Ein Dirigent leitet ein Orchester während einer Aufführung; die Musiker spielen verschiedene Instrumente, darunter Streicher und Blechbläser, während sie die Noten auf Ständern lesen.
Bild: Monika Ritterhaus

Wie blickt Chefdirigent Kirill Petrenko auf die anstehende Saison 2026/27 der Berliner Philharmoniker? Welche Werke sind ihm besonders wichtig? All dies und noch mehr konnten Journalistinnen und Journalisten bei einem Pressegespräch in der Philharmonie erfahren. Es ging um kaum bekannte Naturbilder, um einen musikalischen »Achttausender« und um »Musik wie aus einer anderen Welt«.

Es gab natürlich viel zu besprechen bei diesem Pressetermin: die Saisoneröffnung mit Tschaikowsky und Elgar, Wagners Walküre bei den Osterfestspielen in Salzburg oder die Uraufführung eines Werkes von Sarah Nemtsov. Längere Diskussionen ergaben sich indessen zu drei anderen Konzertprogrammen – die in ihrer Unterschiedlichkeit eine Ahnung der Vielfalt dieser Saison mit Kirill Petrenko vermittelten.

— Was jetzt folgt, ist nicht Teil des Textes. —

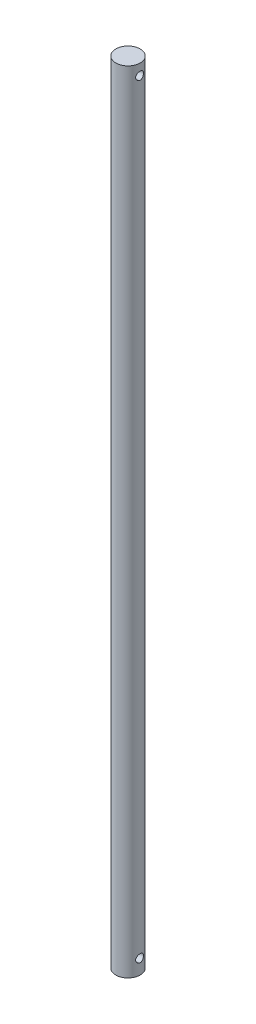
ISO-10303-21;
HEADER;
FILE_DESCRIPTION(('STEP AP214'),'2;1');
FILE_NAME('part.step','',(''),(''),'','','');
FILE_SCHEMA(('AUTOMOTIVE_DESIGN { 1 0 10303 214 1 1 1 1 }'));
ENDSEC;
DATA;
#1=APPLICATION_CONTEXT('core data for automotive mechanical design processes');
#2=APPLICATION_PROTOCOL_DEFINITION('international standard','automotive_design',2000,#1);
#3=PRODUCT_CONTEXT('',#1,'mechanical');
#4=PRODUCT('Part','Part','',(#3));
#5=PRODUCT_RELATED_PRODUCT_CATEGORY('part','',(#4));
#6=PRODUCT_DEFINITION_FORMATION('','',#4);
#7=PRODUCT_DEFINITION_CONTEXT('part definition',#1,'design');
#8=PRODUCT_DEFINITION('design','',#6,#7);
#9=PRODUCT_DEFINITION_SHAPE('','',#8);
#10=(LENGTH_UNIT() NAMED_UNIT(*) SI_UNIT(.MILLI.,.METRE.));
#11=(NAMED_UNIT(*) PLANE_ANGLE_UNIT() SI_UNIT($,.RADIAN.));
#12=(NAMED_UNIT(*) SI_UNIT($,.STERADIAN.) SOLID_ANGLE_UNIT());
#13=UNCERTAINTY_MEASURE_WITH_UNIT(LENGTH_MEASURE(1.E-05),#10,'distance_accuracy_value','');
#14=(GEOMETRIC_REPRESENTATION_CONTEXT(3) GLOBAL_UNCERTAINTY_ASSIGNED_CONTEXT((#13)) GLOBAL_UNIT_ASSIGNED_CONTEXT((#10,
#11,#12)) REPRESENTATION_CONTEXT('',''));
#15=CARTESIAN_POINT('',(0.,0.,0.));
#16=DIRECTION('',(0.,0.,1.));
#17=DIRECTION('',(1.,0.,0.));
#18=AXIS2_PLACEMENT_3D('',#15,#16,#17);
#19=CARTESIAN_POINT('',(0.,647.7,0.));
#20=DIRECTION('',(0.,-1.,0.));
#21=DIRECTION('',(0.,0.,-1.));
#22=AXIS2_PLACEMENT_3D('',#19,#20,#21);
#23=PLANE('',#22);
#24=CARTESIAN_POINT('',(0.,647.7,0.));
#25=DIRECTION('',(0.,-1.,0.));
#26=DIRECTION('',(0.,0.,-1.));
#27=AXIS2_PLACEMENT_3D('',#24,#25,#26);
#28=CIRCLE('',#27,10.);
#29=CARTESIAN_POINT('',(0.,647.7,-10.));
#30=VERTEX_POINT('',#29);
#31=EDGE_CURVE('E76',#30,#30,#28,.T.);
#32=ORIENTED_EDGE('',*,*,#31,.F.);
#33=EDGE_LOOP('',(#32));
#34=FACE_BOUND('',#33,.T.);
#35=ADVANCED_FACE('F34',(#34),#23,.F.);
#36=CARTESIAN_POINT('',(0.,0.,0.));
#37=DIRECTION('',(0.,-1.,0.));
#38=DIRECTION('',(0.,0.,-1.));
#39=AXIS2_PLACEMENT_3D('',#36,#37,#38);
#40=CYLINDRICAL_SURFACE('',#39,10.);
#41=CARTESIAN_POINT('',(-9.47417542586161,12.,-3.2));
#42=CARTESIAN_POINT('',(-9.47417597596529,11.8252675240217,-3.19999948748241));
#43=CARTESIAN_POINT('',(-9.47906219195895,11.6505289924909,-3.18563986333058));
#44=CARTESIAN_POINT('',(-9.49798743796998,11.3062008247597,-3.12875538344883));
#45=CARTESIAN_POINT('',(-9.51202859144488,11.1366123926612,-3.08622399333436));
#46=CARTESIAN_POINT('',(-9.54751402925731,10.8076237967184,-2.97462043765107));
#47=CARTESIAN_POINT('',(-9.56894471348064,10.6482055493959,-2.90559700333832));
#48=CARTESIAN_POINT('',(-9.61677531099797,10.3431647179559,-2.74313268908806));
#49=CARTESIAN_POINT('',(-9.64317618145327,10.1975447992626,-2.6496871045708));
#50=CARTESIAN_POINT('',(-9.69903937529536,9.91898720973653,-2.43742483906297));
#51=CARTESIAN_POINT('',(-9.72857356061098,9.7866196690505,-2.31787869458639));
#52=CARTESIAN_POINT('',(-9.78676560427288,9.54342714827223,-2.05836824466033));
#53=CARTESIAN_POINT('',(-9.81542333344964,9.43260533075562,-1.91840094697461));
#54=CARTESIAN_POINT('',(-9.86945906171126,9.23310922940001,-1.61789884492554));
#55=CARTESIAN_POINT('',(-9.89474262289425,9.14502570138148,-1.45695337572198));
#56=CARTESIAN_POINT('',(-9.93833941290931,8.99740287206874,-1.12158438701709));
#57=CARTESIAN_POINT('',(-9.95665436412906,8.93785651647464,-0.947164210813368));
#58=CARTESIAN_POINT('',(-9.98374156030321,8.85091244154329,-0.595769420238151));
#59=CARTESIAN_POINT('',(-9.99280261988359,8.82253948467678,-0.419058777748383));
#60=CARTESIAN_POINT('',(-10.0013829623879,8.79565378899779,-0.0631682598409807));
#61=CARTESIAN_POINT('',(-10.0009045165927,8.79713394239642,0.116011017661705));
#62=CARTESIAN_POINT('',(-9.99065895983166,8.82927900394473,0.46487498333391));
#63=CARTESIAN_POINT('',(-9.98122856275874,8.85888599568119,0.634668632607027));
#64=CARTESIAN_POINT('',(-9.9545558794711,8.94470364648235,0.966736587299292));
#65=CARTESIAN_POINT('',(-9.93731307593572,9.00091606731206,1.12901039398623));
#66=CARTESIAN_POINT('',(-9.89650924003928,9.13900646503544,1.44382789922966));
#67=CARTESIAN_POINT('',(-9.87287146660126,9.22119836318636,1.59622354374657));
#68=CARTESIAN_POINT('',(-9.82175766841644,9.40866041379786,1.88538287482271));
#69=CARTESIAN_POINT('',(-9.79428063837074,9.51393661494408,2.02214245001061));
#70=CARTESIAN_POINT('',(-9.73698938358848,9.74997528346341,2.28245105048536));
#71=CARTESIAN_POINT('',(-9.70712548953852,9.88164872610375,2.40516427559648));
#72=CARTESIAN_POINT('',(-9.64945167915512,10.1639765219705,2.62702414716751));
#73=CARTESIAN_POINT('',(-9.62164203019799,10.3146333391531,2.72616772956348));
#74=CARTESIAN_POINT('',(-9.57096714718232,10.6331134805527,2.89911048763164));
#75=CARTESIAN_POINT('',(-9.54816651520166,10.8011241506088,2.97258500870697));
#76=CARTESIAN_POINT('',(-9.51084502816611,11.1480416126375,3.0899292349732));
#77=CARTESIAN_POINT('',(-9.49632102597734,11.3269442343381,3.13381019408681));
#78=CARTESIAN_POINT('',(-9.47790063591906,11.6825278202122,3.18907786384485));
#79=CARTESIAN_POINT('',(-9.47358408719401,11.8589872966575,3.20175015508952));
#80=CARTESIAN_POINT('',(-9.47489797544712,12.2115285410692,3.19786135813747));
#81=CARTESIAN_POINT('',(-9.48052678275551,12.3876103661848,3.18130505940762));
#82=CARTESIAN_POINT('',(-9.50068088288853,12.7287540546895,3.12058026689559));
#83=CARTESIAN_POINT('',(-9.51492688986554,12.8939882933978,3.07727773142789));
#84=CARTESIAN_POINT('',(-9.55041030162889,13.2148223194797,2.96531424580086));
#85=CARTESIAN_POINT('',(-9.5716488826307,13.3704204807409,2.89664902916759));
#86=CARTESIAN_POINT('',(-9.61950884733194,13.6726956943237,2.73357916810069));
#87=CARTESIAN_POINT('',(-9.64627168789195,13.8189691176186,2.63846893911339));
#88=CARTESIAN_POINT('',(-9.7018783866565,14.0939468443676,2.42602399530557));
#89=CARTESIAN_POINT('',(-9.73072281011003,14.2226463480166,2.30868322966909));
#90=CARTESIAN_POINT('',(-9.78877025045593,14.4646382212684,2.04900195609836));
#91=CARTESIAN_POINT('',(-9.81793369813727,14.5770096031674,1.90579198298008));
#92=CARTESIAN_POINT('',(-9.87207731058433,14.7761701545534,1.60183776977253));
#93=CARTESIAN_POINT('',(-9.89705765393074,14.862960416243,1.44109427868983));
#94=CARTESIAN_POINT('',(-9.93988578323935,15.0076719945354,1.10756752180852));
#95=CARTESIAN_POINT('',(-9.95778352281728,15.0657962368275,0.934879051113338));
#96=CARTESIAN_POINT('',(-9.9846484932616,15.1519682082215,0.581499965650404));
#97=CARTESIAN_POINT('',(-9.99361866877497,15.1800258546538,0.400812009966613));
#98=CARTESIAN_POINT('',(-10.0014130503861,15.2044314157995,0.0450212703250095));
#99=CARTESIAN_POINT('',(-10.0006619581795,15.2021066300598,-0.129982208988878));
#100=CARTESIAN_POINT('',(-9.990125511942,15.1690458304435,-0.476990875820558));
#101=CARTESIAN_POINT('',(-9.98034079636578,15.1383118243993,-0.648996274353536));
#102=CARTESIAN_POINT('',(-9.95297868315481,15.0501634584681,-0.982806083184512));
#103=CARTESIAN_POINT('',(-9.93550954998843,14.9931192551087,-1.14471773714632));
#104=CARTESIAN_POINT('',(-9.89457847944627,14.8543067808554,-1.45674507420833));
#105=CARTESIAN_POINT('',(-9.87111549176467,14.7725341763308,-1.60685868389727));
#106=CARTESIAN_POINT('',(-9.81961108395006,14.5832777844292,-1.89675571330933));
#107=CARTESIAN_POINT('',(-9.7914380507585,14.4749935275912,-2.03599290546539));
#108=CARTESIAN_POINT('',(-9.73404767984889,14.2371814483193,-2.29475841560531));
#109=CARTESIAN_POINT('',(-9.70483002448992,14.1076471206118,-2.41428067572616));
#110=CARTESIAN_POINT('',(-9.64743064993378,13.8255467087277,-2.63448393047812));
#111=CARTESIAN_POINT('',(-9.61932168852476,13.6723299958571,-2.73435281796463));
#112=CARTESIAN_POINT('',(-9.56861935653345,13.3504305886542,-2.90682777364151));
#113=CARTESIAN_POINT('',(-9.54602402656828,13.1817534179145,-2.97944353174495));
#114=CARTESIAN_POINT('',(-9.51051736579668,12.8460343177833,-3.09083212772817));
#115=CARTESIAN_POINT('',(-9.49703147588917,12.6797296882286,-3.13164502117033));
#116=CARTESIAN_POINT('',(-9.4788614617525,12.342284402362,-3.18622544347289));
#117=CARTESIAN_POINT('',(-9.47417488705192,12.1711451059091,-3.20000050199527));
#118=CARTESIAN_POINT('',(-9.47417542586161,12.,-3.2));
#119=B_SPLINE_CURVE_WITH_KNOTS('',3,(#41,#42,#43,#44,#45,#46,#47,#48,#49,#50,#51,#52,#53,#54,
#55,#56,#57,#58,#59,#60,#61,#62,#63,#64,#65,#66,#67,#68,#69,#70,#71,#72,#73,#74,#75,#76,#77,#78,
#79,#80,#81,#82,#83,#84,#85,#86,#87,#88,#89,#90,#91,#92,#93,#94,#95,#96,#97,#98,#99,#100,#101,
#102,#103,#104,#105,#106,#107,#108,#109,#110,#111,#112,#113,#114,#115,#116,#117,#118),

Der »Achttausender der Musik«

Für Gesprächsstoff sorgte etwa die Aufführung von Beethovens Missa solemnis – als Bestandteil der Biennale Zeichen und Wunder – vom Glauben, Hoffen und Zeichen und zugleich als Beitrag zum 200. Todestag des Komponisten im März 2027. Für Kirill Petrenko ist dies neben der Neunten Symphonie »sein vielleicht wichtigstes Werk«. Wie generell sein Beethoven-Bild sei, lautete eine Frage. »Wenn ich mich mit Beethoven befasse, dann sehr stark auch mit der Person«, so der Dirigent. »Was war er für ein Mensch, in welchen sozialen Umständen hat er gelebt, wie ist er mit seiner tragischen Erkrankung umgegangen?« 

Überhaupt Beethovens Gehörverlust: »Wenn man sich vor Augen führt, wie titanisch er sich gegen dieses Schicksal aufgelehnt hat, welche Musik er dennoch schrieb – dann wird deutlich, dass seine Leistung wohl mit der keines anderen Komponisten vergleichbar ist.« Was ist nun sein interpretatorischer Ansatz? Darauf Kirill Petrenko, der zur Zeit des Gesprächs Beethovens Zweite Symphonie mit den Berliner Philharmonikern aufführte: »Wir setzen uns intensiv mit der historisch informierten Aufführungspraxis auseinander, die dem Klang eine neue Schärfe, einen neuen Biss, auch eine gewisse Aggressivität verleihen kann – auch bei einem traditionellen Symphonieorchester.« Es sei ein Spagat, den er sehr spannend finde: »Wir wollen ein aktuelles, zeitgemäßes Beethoven-Bild zeichnen, ohne unseren eigenen Klang zu verraten.« Kirill Petrenko freut sich sehr darauf, mit dieser Haltung nun die Missa solemnis zu erarbeiten, diesen »Achttausender der Musik«, den er übrigens erst ein einziges Mal dirigiert hat.

Kaum gespielte Schätze

Natürlich stehen nicht nur solche Schwergewichte des Repertoires auf dem Programm. »Meine Vorliebe für weniger oft gespielte Werke zeigt sich in dieser Saison mit der Römischen Trilogie von Ottorino Respighi.« Kirill Petrenko erklärt, er sei »ein großer Fan von Respighi und besonders dieses Werks«, habe es allerdings noch nie in seiner Gesamtheit aufgeführt. Woher die Begeisterung kommt? Diese Leidenschaft gebe es schon seit vielen Jahren, so die Antwort. »Ich halte die Römische Trilogie für ein absolut großartiges Werk. Ich finde sie sehr modern, und es fasziniert mich, wie Respighi mit den Farben des Orchesters umgeht«. 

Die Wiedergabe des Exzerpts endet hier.